(PROVIDED INFORMATION begins)

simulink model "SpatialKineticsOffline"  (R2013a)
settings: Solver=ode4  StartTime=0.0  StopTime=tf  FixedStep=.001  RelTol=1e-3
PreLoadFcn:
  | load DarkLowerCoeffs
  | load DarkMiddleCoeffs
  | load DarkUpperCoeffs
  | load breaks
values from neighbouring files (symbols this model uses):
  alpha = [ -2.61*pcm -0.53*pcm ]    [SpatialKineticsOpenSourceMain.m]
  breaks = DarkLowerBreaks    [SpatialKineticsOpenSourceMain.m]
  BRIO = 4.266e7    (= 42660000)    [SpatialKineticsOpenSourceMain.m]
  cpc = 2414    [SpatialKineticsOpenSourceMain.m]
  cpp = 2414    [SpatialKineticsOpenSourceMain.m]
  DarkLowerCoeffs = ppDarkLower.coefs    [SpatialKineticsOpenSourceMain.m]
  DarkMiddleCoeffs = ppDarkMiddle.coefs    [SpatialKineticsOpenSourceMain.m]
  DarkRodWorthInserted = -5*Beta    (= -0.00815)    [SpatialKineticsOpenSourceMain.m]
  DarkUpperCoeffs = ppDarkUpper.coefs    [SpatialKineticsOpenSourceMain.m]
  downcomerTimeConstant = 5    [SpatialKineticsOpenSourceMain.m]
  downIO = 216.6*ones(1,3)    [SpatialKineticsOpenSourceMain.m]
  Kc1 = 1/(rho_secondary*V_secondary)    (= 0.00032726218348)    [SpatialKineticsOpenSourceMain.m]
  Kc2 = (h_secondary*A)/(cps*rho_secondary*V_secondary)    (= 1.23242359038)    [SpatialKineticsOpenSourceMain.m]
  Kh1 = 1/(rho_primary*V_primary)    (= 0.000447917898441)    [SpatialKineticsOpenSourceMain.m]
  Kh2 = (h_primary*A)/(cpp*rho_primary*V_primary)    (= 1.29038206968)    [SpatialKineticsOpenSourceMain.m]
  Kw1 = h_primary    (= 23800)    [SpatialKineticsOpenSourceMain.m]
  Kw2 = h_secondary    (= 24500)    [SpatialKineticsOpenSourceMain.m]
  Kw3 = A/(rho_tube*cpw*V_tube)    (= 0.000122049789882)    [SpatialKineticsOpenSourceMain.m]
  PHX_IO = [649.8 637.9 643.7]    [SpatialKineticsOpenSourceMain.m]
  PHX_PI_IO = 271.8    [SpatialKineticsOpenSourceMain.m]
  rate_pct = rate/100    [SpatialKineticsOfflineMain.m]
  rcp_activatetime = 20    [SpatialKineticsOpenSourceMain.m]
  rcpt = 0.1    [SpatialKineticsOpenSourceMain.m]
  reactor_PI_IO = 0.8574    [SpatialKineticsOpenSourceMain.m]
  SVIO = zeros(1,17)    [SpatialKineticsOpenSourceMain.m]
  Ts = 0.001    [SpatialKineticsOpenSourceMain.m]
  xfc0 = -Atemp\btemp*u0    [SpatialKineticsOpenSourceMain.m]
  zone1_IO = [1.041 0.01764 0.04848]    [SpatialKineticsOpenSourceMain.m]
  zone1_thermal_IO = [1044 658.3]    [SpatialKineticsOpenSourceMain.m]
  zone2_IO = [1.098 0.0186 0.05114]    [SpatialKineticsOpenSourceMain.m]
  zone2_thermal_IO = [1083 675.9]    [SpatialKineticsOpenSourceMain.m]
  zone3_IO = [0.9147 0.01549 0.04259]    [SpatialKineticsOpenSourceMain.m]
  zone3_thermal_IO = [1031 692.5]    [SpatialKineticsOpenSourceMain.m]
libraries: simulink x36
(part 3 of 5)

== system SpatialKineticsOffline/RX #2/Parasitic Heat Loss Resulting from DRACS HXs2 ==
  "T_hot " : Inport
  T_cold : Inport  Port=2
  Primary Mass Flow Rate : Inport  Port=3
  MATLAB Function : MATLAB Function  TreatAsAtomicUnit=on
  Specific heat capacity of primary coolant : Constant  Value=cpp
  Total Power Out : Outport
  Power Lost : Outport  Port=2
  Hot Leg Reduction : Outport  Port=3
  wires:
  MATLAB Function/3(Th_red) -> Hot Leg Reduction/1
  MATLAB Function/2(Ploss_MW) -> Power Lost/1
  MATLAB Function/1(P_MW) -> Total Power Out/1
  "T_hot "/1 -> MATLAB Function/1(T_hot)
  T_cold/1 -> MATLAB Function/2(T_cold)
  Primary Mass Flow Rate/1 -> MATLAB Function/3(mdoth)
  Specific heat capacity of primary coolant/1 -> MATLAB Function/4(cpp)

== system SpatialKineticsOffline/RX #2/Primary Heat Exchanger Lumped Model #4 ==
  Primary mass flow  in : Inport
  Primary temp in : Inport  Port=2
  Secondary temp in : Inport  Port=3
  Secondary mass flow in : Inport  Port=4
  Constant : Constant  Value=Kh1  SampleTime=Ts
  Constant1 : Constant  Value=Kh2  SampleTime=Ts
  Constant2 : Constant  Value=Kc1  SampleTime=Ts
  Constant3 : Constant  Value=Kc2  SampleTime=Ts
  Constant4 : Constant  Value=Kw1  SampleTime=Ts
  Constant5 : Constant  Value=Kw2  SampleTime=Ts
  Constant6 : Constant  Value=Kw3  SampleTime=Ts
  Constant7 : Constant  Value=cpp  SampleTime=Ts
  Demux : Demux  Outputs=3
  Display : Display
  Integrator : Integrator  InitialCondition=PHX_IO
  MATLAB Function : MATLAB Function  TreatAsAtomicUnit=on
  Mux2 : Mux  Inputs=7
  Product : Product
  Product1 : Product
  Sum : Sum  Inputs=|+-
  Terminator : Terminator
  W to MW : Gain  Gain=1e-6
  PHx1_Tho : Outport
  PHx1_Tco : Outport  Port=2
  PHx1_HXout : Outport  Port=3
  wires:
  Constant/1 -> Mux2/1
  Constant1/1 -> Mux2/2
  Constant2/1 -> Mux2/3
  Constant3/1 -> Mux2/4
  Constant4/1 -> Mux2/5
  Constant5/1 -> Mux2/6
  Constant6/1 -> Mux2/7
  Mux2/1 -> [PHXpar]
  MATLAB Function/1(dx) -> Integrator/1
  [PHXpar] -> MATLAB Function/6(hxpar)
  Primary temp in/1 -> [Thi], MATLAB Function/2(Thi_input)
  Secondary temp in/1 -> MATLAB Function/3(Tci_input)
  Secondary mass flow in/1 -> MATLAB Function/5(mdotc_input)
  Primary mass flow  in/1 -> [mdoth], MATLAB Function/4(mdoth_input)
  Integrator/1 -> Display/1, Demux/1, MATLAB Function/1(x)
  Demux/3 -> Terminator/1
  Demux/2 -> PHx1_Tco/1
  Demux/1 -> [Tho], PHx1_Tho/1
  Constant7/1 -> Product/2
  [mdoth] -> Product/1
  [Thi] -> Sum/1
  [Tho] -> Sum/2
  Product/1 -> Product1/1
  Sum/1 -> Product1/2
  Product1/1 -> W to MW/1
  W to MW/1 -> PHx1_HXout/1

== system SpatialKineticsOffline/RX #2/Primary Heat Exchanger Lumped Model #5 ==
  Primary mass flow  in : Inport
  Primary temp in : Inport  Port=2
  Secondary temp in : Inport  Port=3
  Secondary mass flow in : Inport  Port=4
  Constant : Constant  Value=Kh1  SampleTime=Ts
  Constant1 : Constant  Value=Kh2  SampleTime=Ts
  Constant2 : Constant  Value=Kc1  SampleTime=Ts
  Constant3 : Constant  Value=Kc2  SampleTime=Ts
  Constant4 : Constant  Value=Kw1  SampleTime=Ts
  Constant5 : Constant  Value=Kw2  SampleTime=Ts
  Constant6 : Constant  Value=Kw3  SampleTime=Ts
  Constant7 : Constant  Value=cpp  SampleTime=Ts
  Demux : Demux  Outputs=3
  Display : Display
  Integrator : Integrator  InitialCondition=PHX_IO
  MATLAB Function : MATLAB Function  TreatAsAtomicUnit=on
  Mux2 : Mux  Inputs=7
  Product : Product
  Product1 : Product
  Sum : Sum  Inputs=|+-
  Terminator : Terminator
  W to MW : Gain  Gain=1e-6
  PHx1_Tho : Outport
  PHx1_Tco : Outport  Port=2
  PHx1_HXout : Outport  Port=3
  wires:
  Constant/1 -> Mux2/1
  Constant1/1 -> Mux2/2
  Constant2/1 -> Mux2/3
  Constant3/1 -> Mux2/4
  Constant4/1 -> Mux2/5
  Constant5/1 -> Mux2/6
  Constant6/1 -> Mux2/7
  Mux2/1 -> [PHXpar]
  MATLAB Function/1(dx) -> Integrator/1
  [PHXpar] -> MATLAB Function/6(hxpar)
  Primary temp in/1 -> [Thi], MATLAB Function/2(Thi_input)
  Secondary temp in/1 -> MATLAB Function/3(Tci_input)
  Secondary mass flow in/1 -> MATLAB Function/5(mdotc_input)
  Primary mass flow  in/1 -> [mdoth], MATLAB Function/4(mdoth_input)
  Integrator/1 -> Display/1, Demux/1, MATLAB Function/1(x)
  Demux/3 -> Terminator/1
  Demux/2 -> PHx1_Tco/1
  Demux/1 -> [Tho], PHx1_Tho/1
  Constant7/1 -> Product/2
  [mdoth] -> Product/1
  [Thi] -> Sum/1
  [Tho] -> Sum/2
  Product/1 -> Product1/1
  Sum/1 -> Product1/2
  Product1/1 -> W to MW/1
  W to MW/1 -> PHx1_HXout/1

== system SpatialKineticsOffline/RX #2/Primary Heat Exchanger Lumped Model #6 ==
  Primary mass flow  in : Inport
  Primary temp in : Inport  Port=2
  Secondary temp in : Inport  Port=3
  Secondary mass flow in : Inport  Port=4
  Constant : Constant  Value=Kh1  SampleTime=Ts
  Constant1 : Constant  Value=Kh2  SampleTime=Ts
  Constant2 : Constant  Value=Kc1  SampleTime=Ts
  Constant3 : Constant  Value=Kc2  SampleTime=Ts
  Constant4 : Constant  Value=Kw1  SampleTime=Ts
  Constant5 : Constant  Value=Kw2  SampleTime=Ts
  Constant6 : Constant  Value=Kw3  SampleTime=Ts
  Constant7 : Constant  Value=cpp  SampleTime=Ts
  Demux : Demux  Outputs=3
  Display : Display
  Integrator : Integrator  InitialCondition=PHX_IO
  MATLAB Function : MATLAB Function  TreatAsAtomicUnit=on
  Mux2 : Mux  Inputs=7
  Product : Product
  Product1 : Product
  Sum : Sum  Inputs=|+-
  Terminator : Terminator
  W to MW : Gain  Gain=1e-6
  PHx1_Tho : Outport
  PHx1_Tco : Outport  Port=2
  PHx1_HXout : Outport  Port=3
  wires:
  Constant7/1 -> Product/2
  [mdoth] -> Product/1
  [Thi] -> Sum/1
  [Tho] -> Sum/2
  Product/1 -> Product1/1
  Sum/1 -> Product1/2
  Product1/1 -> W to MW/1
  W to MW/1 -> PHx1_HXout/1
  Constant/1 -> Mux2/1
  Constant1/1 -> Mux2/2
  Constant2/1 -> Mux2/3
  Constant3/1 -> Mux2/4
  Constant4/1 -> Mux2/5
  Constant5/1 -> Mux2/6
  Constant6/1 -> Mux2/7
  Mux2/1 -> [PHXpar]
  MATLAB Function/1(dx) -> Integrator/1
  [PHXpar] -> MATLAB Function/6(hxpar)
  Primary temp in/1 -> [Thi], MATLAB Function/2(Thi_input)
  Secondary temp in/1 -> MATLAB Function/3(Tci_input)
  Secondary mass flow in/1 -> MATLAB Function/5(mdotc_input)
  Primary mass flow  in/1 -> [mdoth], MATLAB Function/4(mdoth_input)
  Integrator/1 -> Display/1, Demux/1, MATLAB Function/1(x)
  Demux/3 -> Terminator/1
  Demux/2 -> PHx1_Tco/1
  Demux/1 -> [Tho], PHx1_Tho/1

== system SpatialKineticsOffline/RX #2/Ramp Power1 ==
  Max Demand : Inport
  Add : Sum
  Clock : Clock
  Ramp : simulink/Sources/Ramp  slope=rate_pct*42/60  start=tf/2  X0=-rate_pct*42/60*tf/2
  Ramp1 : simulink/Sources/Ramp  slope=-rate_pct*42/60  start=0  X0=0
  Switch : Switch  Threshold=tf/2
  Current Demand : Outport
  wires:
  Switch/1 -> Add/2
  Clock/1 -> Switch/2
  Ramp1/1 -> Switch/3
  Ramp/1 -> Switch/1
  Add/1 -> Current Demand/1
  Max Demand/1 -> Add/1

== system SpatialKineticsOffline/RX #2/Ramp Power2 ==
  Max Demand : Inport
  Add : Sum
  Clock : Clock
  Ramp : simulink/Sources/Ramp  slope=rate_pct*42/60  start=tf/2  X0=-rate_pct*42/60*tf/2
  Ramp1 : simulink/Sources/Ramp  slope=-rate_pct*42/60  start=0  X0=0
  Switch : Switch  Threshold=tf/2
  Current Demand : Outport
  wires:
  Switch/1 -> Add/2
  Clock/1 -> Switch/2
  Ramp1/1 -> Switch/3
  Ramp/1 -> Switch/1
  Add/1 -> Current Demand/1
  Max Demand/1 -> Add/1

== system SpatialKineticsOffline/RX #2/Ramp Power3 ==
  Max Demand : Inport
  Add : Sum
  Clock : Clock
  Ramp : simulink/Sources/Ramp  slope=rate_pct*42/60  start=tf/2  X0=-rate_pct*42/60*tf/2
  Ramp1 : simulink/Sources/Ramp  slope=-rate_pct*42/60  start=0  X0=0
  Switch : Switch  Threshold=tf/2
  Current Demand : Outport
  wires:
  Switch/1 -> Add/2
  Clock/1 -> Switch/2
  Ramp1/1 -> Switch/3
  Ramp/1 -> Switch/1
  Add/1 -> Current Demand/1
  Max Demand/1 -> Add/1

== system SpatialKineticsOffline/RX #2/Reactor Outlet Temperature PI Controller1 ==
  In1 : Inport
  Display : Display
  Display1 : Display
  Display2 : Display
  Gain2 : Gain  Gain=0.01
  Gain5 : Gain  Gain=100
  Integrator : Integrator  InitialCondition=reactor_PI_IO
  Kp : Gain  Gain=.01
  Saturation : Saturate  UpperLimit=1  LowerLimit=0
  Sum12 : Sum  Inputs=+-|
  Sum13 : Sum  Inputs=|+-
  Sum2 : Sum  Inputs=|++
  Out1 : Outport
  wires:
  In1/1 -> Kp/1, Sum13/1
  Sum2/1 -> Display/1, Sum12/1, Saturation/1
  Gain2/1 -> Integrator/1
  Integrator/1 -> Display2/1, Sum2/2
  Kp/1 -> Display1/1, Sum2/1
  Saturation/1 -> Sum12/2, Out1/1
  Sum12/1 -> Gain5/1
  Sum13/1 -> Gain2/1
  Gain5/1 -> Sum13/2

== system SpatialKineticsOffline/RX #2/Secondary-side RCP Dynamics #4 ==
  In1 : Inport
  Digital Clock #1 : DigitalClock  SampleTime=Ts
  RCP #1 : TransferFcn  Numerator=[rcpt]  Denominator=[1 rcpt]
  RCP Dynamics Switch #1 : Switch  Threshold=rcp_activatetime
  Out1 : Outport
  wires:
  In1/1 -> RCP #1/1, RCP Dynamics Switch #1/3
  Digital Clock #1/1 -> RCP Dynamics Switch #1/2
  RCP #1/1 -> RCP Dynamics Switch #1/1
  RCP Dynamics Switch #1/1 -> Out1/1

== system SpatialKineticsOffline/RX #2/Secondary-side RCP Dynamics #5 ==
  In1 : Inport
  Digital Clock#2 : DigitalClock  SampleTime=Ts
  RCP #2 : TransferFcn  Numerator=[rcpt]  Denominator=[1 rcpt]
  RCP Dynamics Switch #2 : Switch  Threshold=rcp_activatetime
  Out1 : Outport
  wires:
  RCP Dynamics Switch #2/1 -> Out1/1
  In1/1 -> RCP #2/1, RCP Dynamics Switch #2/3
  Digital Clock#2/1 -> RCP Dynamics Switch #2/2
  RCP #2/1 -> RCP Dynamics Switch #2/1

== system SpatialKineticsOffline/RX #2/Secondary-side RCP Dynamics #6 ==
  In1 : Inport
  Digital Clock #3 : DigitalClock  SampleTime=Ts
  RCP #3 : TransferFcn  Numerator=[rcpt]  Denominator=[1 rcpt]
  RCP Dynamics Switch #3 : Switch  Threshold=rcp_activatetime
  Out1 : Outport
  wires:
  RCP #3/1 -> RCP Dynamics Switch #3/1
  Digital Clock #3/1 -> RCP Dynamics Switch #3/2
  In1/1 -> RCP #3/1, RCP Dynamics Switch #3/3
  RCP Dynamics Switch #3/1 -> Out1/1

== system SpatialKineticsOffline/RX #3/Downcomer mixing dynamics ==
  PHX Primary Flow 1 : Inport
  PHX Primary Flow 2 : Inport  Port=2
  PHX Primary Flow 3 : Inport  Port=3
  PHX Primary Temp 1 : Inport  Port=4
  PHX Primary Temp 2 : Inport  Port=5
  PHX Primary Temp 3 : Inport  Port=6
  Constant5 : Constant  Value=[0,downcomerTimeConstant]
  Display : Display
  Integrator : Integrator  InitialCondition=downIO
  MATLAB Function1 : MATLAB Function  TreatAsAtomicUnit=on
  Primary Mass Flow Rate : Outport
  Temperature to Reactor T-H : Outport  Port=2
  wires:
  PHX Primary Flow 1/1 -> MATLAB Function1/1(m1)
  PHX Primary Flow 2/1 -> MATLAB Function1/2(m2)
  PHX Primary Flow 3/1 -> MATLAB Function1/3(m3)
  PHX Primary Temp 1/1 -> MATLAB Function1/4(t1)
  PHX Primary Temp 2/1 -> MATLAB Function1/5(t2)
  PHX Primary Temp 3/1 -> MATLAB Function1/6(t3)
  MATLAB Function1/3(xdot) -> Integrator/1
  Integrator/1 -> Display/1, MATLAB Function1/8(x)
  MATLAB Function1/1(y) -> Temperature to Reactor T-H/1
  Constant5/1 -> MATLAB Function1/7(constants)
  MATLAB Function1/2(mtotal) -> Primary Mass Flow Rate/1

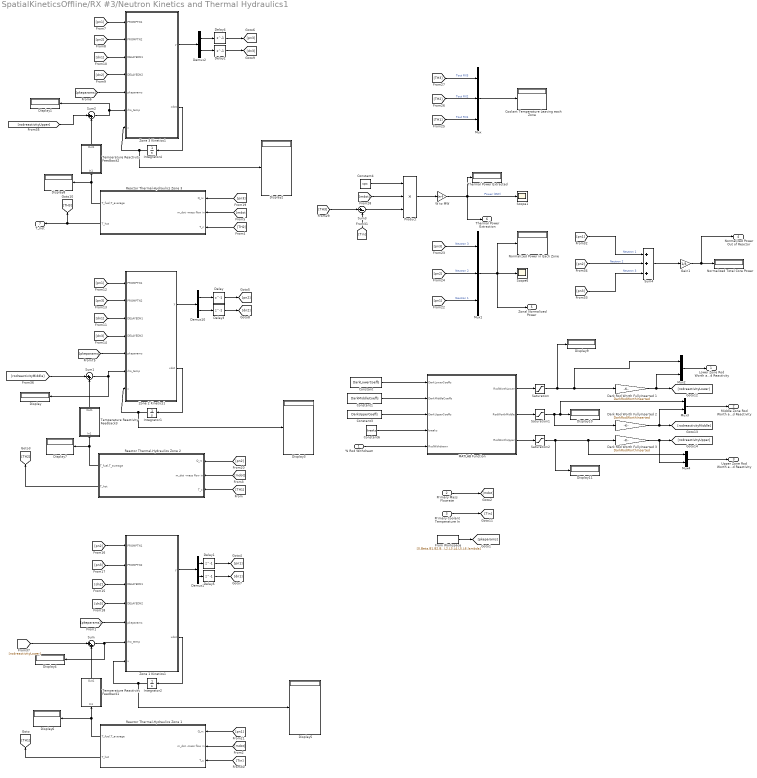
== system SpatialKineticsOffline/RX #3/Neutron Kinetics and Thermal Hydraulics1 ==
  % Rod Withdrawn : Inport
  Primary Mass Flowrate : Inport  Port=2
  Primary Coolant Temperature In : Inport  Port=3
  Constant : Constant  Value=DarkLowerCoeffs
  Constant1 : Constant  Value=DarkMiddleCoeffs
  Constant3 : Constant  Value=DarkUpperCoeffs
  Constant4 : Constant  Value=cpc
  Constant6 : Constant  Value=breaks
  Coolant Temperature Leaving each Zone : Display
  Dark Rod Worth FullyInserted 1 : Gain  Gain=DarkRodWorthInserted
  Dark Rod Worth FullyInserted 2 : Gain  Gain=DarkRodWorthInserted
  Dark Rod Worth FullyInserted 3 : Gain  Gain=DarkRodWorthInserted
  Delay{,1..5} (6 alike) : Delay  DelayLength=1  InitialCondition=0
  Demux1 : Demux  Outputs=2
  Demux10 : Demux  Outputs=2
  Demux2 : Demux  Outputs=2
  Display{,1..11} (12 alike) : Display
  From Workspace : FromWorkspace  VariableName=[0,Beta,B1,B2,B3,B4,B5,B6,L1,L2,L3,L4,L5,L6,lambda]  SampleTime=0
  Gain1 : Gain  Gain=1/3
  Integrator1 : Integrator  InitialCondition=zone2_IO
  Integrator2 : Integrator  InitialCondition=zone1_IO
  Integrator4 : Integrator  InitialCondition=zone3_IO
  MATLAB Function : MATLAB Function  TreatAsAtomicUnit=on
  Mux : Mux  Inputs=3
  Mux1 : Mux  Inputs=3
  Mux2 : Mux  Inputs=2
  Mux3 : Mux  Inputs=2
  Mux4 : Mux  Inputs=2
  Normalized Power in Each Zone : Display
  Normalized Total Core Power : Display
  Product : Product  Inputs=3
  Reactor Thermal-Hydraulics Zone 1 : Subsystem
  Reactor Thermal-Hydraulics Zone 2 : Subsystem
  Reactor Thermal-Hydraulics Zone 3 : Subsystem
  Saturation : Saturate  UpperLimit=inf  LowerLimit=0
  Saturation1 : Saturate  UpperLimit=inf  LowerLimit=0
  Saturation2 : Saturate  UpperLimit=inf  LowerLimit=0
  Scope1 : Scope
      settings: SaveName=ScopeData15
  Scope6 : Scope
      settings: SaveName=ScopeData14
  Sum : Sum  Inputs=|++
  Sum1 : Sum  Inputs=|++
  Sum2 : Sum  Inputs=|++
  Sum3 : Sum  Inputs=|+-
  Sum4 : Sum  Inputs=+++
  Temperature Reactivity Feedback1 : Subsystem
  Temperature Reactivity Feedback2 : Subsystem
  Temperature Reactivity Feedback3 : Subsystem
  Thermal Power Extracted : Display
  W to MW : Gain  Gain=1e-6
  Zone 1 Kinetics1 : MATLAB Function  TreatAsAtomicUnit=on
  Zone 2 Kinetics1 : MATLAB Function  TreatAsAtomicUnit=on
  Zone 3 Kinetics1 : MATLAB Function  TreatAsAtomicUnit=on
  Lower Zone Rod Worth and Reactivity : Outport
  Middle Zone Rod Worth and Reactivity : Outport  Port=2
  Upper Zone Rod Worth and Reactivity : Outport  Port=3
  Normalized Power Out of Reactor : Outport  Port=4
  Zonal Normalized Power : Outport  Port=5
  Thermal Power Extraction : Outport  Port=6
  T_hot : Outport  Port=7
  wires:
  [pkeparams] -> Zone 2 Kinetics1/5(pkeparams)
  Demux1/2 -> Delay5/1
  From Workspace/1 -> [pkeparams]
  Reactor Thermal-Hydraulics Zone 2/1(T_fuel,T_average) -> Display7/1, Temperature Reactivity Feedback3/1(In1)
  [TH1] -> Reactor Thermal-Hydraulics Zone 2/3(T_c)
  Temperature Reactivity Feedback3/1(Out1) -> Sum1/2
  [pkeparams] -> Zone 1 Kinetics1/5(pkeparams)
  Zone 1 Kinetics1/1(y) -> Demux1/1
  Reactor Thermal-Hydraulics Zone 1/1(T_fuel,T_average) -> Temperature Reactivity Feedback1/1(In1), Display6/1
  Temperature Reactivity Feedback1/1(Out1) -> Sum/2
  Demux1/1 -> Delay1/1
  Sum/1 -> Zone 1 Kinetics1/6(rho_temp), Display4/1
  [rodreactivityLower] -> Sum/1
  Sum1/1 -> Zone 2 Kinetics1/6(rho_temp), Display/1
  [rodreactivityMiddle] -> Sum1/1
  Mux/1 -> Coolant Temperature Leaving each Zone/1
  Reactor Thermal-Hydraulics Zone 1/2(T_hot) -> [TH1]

(PROVIDED INFORMATION ends)

Restate exactly the records above from their first line through the line that holds "rcp_activatetime = 20", please, including both and leaving out all others.

REPLY
simulink model "SpatialKineticsOffline"  (R2013a)
settings: Solver=ode4  StartTime=0.0  StopTime=tf  FixedStep=.001  RelTol=1e-3
PreLoadFcn:
  | load DarkLowerCoeffs
  | load DarkMiddleCoeffs
  | load DarkUpperCoeffs
  | load breaks
values from neighbouring files (symbols this model uses):
  alpha = [ -2.61*pcm -0.53*pcm ]    [SpatialKineticsOpenSourceMain.m]
  breaks = DarkLowerBreaks    [SpatialKineticsOpenSourceMain.m]
  BRIO = 4.266e7    (= 42660000)    [SpatialKineticsOpenSourceMain.m]
  cpc = 2414    [SpatialKineticsOpenSourceMain.m]
  cpp = 2414    [SpatialKineticsOpenSourceMain.m]
  DarkLowerCoeffs = ppDarkLower.coefs    [SpatialKineticsOpenSourceMain.m]
  DarkMiddleCoeffs = ppDarkMiddle.coefs    [SpatialKineticsOpenSourceMain.m]
  DarkRodWorthInserted = -5*Beta    (= -0.00815)    [SpatialKineticsOpenSourceMain.m]
  DarkUpperCoeffs = ppDarkUpper.coefs    [SpatialKineticsOpenSourceMain.m]
  downcomerTimeConstant = 5    [SpatialKineticsOpenSourceMain.m]
  downIO = 216.6*ones(1,3)    [SpatialKineticsOpenSourceMain.m]
  Kc1 = 1/(rho_secondary*V_secondary)    (= 0.00032726218348)    [SpatialKineticsOpenSourceMain.m]
  Kc2 = (h_secondary*A)/(cps*rho_secondary*V_secondary)    (= 1.23242359038)    [SpatialKineticsOpenSourceMain.m]
  Kh1 = 1/(rho_primary*V_primary)    (= 0.000447917898441)    [SpatialKineticsOpenSourceMain.m]
  Kh2 = (h_primary*A)/(cpp*rho_primary*V_primary)    (= 1.29038206968)    [SpatialKineticsOpenSourceMain.m]
  Kw1 = h_primary    (= 23800)    [SpatialKineticsOpenSourceMain.m]
  Kw2 = h_secondary    (= 24500)    [SpatialKineticsOpenSourceMain.m]
  Kw3 = A/(rho_tube*cpw*V_tube)    (= 0.000122049789882)    [SpatialKineticsOpenSourceMain.m]
  PHX_IO = [649.8 637.9 643.7]    [SpatialKineticsOpenSourceMain.m]
  PHX_PI_IO = 271.8    [SpatialKineticsOpenSourceMain.m]
  rate_pct = rate/100    [SpatialKineticsOfflineMain.m]
  rcp_activatetime = 20    [SpatialKineticsOpenSourceMain.m]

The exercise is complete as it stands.